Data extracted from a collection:
▼▼▼
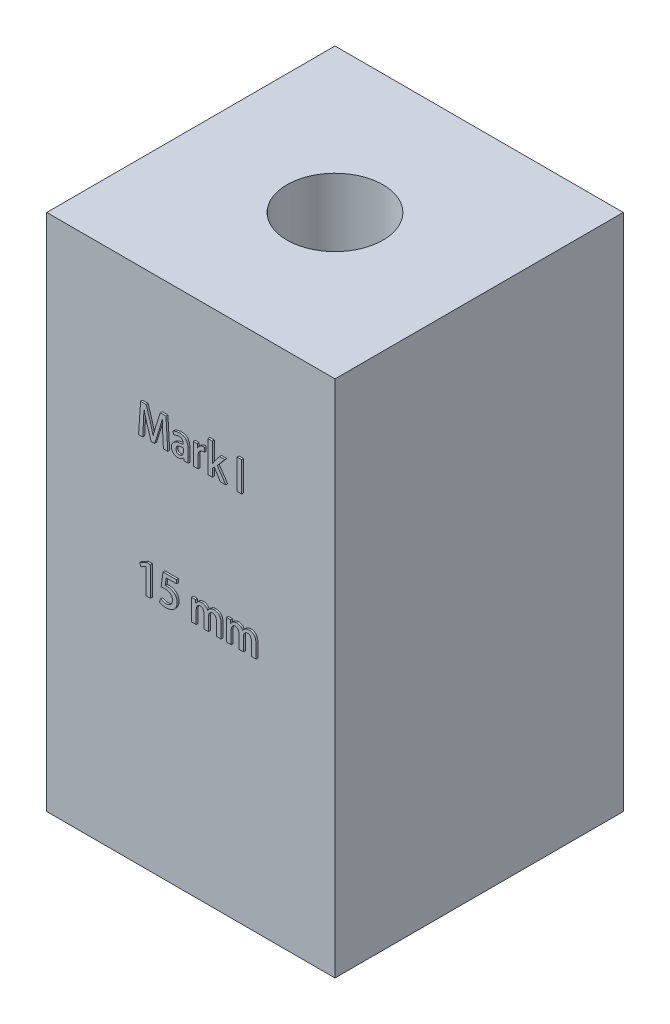
from build123d import *

# Parameters (mm, degrees)
CROQUIS1_W              = 15
CROQUIS1_H              = 15
CROQUIS1_R              = 2.5
SALIENTE_EXTRUIR1_DEPTH = 27
CROQUIS2_2_W            = 0.238171994
CROQUIS2_2_H            = 1.552222223
SALIENTE_EXTRUIR2_DEPTH = 0.1


with BuildPart() as part:
    # Croquis1 → Saliente-Extruir1 (new body)
    with BuildSketch(Plane(origin=(0, 0, 0), x_dir=(1, 0, 0), z_dir=(0, 1, 0))):
        Rectangle(CROQUIS1_W, CROQUIS1_H)
        Circle(CROQUIS1_R, mode=Mode.SUBTRACT)
    extrude(amount=SALIENTE_EXTRUIR1_DEPTH)

    # Croquis2<2> → Saliente-Extruir2 (add)
    # profile 1 of 9: a face of its own
    with BuildSketch(Plane.XY.offset(7.5)):
        with BuildLine():
            Line((-1.196299168, 21.029080524), (-1.489029741, 21.029080524))
            Line((-1.489029741, 21.029080524), (-1.713120041, 20.346907093))
            add(Edge.make_bspline(
                [(-1.713120041, 20.346907093), (-1.727697615, 20.299716085), (-1.756231951, 20.207343783), (-1.795341625, 20.070753521), (-1.829992127, 19.939079232), (-1.850660973, 19.852657221), (-1.860771731, 19.810381416)],
                knots=[0, 0, 0, 0, 1.06482216, 2.08429696, 3.06287894, 4, 4, 4, 4], degree=3))
            Line((-1.860771731, 19.810381416), (-1.866551238, 19.810381416))
            add(Edge.make_bspline(
                [(-1.866551238, 19.810381416), (-1.876481422, 19.853051166), (-1.896683618, 19.939859498), (-1.93070374, 20.071488595), (-1.967459767, 20.207101232), (-1.994351955, 20.298408277), (-2.008015817, 20.344801184)],
                knots=[0, 0, 0, 0, 0.950771496, 1.934271678, 2.950408035, 4, 4, 4, 4], degree=3))
            Line((-2.008015817, 20.344801184), (-2.225903251, 21.029080524))
            Line((-2.225903251, 21.029080524), (-2.516614993, 21.029080524))
            Line((-2.516614993, 21.029080524), (-2.621630897, 19.479409339))
            Line((-2.621630897, 19.479409339), (-2.403560427, 19.479409339))
            Line((-2.403560427, 19.479409339), (-2.36924029, 20.115225551))
            add(Edge.make_bspline(
                [(-2.36924029, 20.115225551), (-2.366142688, 20.170919846), (-2.35989255, 20.283296133), (-2.353809897, 20.423803434), (-2.348367501, 20.535729765), (-2.345730048, 20.61699773), (-2.342790327, 20.695298568), (-2.341738393, 20.746445045), (-2.341221555, 20.771574379)],
                knots=[0, 0, 0, 0, 1.528265809, 3.083634274, 3.853229214, 4.59840858, 5.311368824, 6, 6, 6, 6], degree=3))
            Line((-2.341221555, 20.771574379), (-2.334920154, 20.771597581))
            add(Edge.make_bspline(
                [(-2.334920154, 20.771597581), (-2.324589296, 20.723617077), (-2.303631025, 20.626278754), (-2.266531143, 20.479508668), (-2.225758304, 20.329473172), (-2.195122831, 20.22906041), (-2.179605039, 20.178198314)],
                knots=[0, 0, 0, 0, 0.959753872, 1.947058171, 2.960122984, 4, 4, 4, 4], degree=3))
            Line((-2.179605039, 20.178198314), (-1.967492815, 19.493601312))
            Line((-1.967492815, 19.493601312), (-1.791854471, 19.493601312))
            Line((-1.791854471, 19.493601312), (-1.561707676, 20.192452732))
            add(Edge.make_bspline(
                [(-1.561707676, 20.192452732), (-1.545557325, 20.241909213), (-1.513574545, 20.339848618), (-1.469197981, 20.486028271), (-1.427941936, 20.629553544), (-1.402746733, 20.724599981), (-1.390294614, 20.771574379)],
                knots=[0, 0, 0, 0, 1.033513873, 2.046682856, 3.034620343, 4, 4, 4, 4], degree=3))
            Line((-1.390294614, 20.771574379), (-1.384050501, 20.771597581))
            add(Edge.make_bspline(
                [(-1.384050501, 20.771597581), (-1.384147418, 20.746657815), (-1.384345026, 20.695806648), (-1.383338746, 20.618262138), (-1.381707988, 20.538078238), (-1.377545118, 20.428380993), (-1.371719332, 20.291107159), (-1.366485475, 20.18142271), (-1.363896272, 20.12716152)],
                knots=[0, 0, 0, 0, 0.69615936, 1.419440619, 2.164688967, 2.934803833, 4.483639269, 6, 6, 6, 6], degree=3))
            Line((-1.363896272, 20.12716152), (-1.32954205, 19.479409339))
            Line((-1.32954205, 19.479409339), (-1.103432918, 19.479409339))
            Line((-1.103432918, 19.479409339), (-1.196299168, 21.029080524))
        make_face()
    # profile 2 of 9: a face of its own
    with BuildSketch(Plane.XY.offset(7.5)):
        with BuildLine():
            add(Edge.make_bspline(
                [(-0.053952166, 20.155506797), (-0.053933683, 20.171094279), (-0.053897286, 20.201789221), (-0.057518774, 20.247008773), (-0.063893546, 20.290439821), (-0.073214651, 20.332080632), (-0.085936266, 20.371763587), (-0.101413142, 20.409687835), (-0.120056057, 20.445711117), (-0.141545368, 20.479861857), (-0.167086723, 20.511273005), (-0.197339407, 20.538867014), (-0.232386885, 20.562185402), (-0.272154981, 20.581216365), (-0.316470833, 20.596407), (-0.365308531, 20.607712644), (-0.418720262, 20.615108287), (-0.45586616, 20.61654487), (-0.475152092, 20.617290736)],
                knots=[0, 0, 0, 0, 1.04529413, 2.058397975, 3.039753549, 3.988049356, 4.917306062, 5.832005784, 6.732558164, 7.634995369, 8.534400609, 9.439717093, 10.371077683, 11.347885902, 12.389132223, 13.507522911, 14.705920534, 16, 16, 16, 16], degree=3))
            add(Edge.make_bspline(
                [(-0.475152092, 20.617290736), (-0.492957595, 20.616816764), (-0.528048962, 20.615882654), (-0.579600467, 20.61088989), (-0.629120436, 20.602765232), (-0.676037595, 20.591206125), (-0.720086934, 20.577835591), (-0.760725874, 20.56297161), (-0.797576215, 20.546416367), (-0.820085609, 20.533481991), (-0.830943079, 20.527243058)],
                knots=[0, 0, 0, 0, 1.151566781, 2.269526023, 3.346377101, 4.393757963, 5.391790339, 6.321988655, 7.190606464, 8, 8, 8, 8], degree=3))
            Line((-0.830943079, 20.527243058), (-0.781123083, 20.369063254))
            add(Edge.make_bspline(
                [(-0.781123083, 20.369063254), (-0.77171247, 20.37510656), (-0.75272953, 20.387297021), (-0.722239537, 20.403059962), (-0.690103274, 20.417263833), (-0.656139477, 20.428702506), (-0.621351216, 20.438541683), (-0.585956767, 20.445552861), (-0.550147937, 20.449783122), (-0.526200151, 20.450385225), (-0.514162975, 20.450687867)],
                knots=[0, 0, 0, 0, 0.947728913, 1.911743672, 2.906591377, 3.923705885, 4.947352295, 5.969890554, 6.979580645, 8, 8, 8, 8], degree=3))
▲▲▲
WHAT YOU SHOULD DO:
If a line in the records above holds the string "profile", copy it out.

WRITTEN RESPONSE:
    # profile 1 of 9: a face of its own
    # profile 2 of 9: a face of its own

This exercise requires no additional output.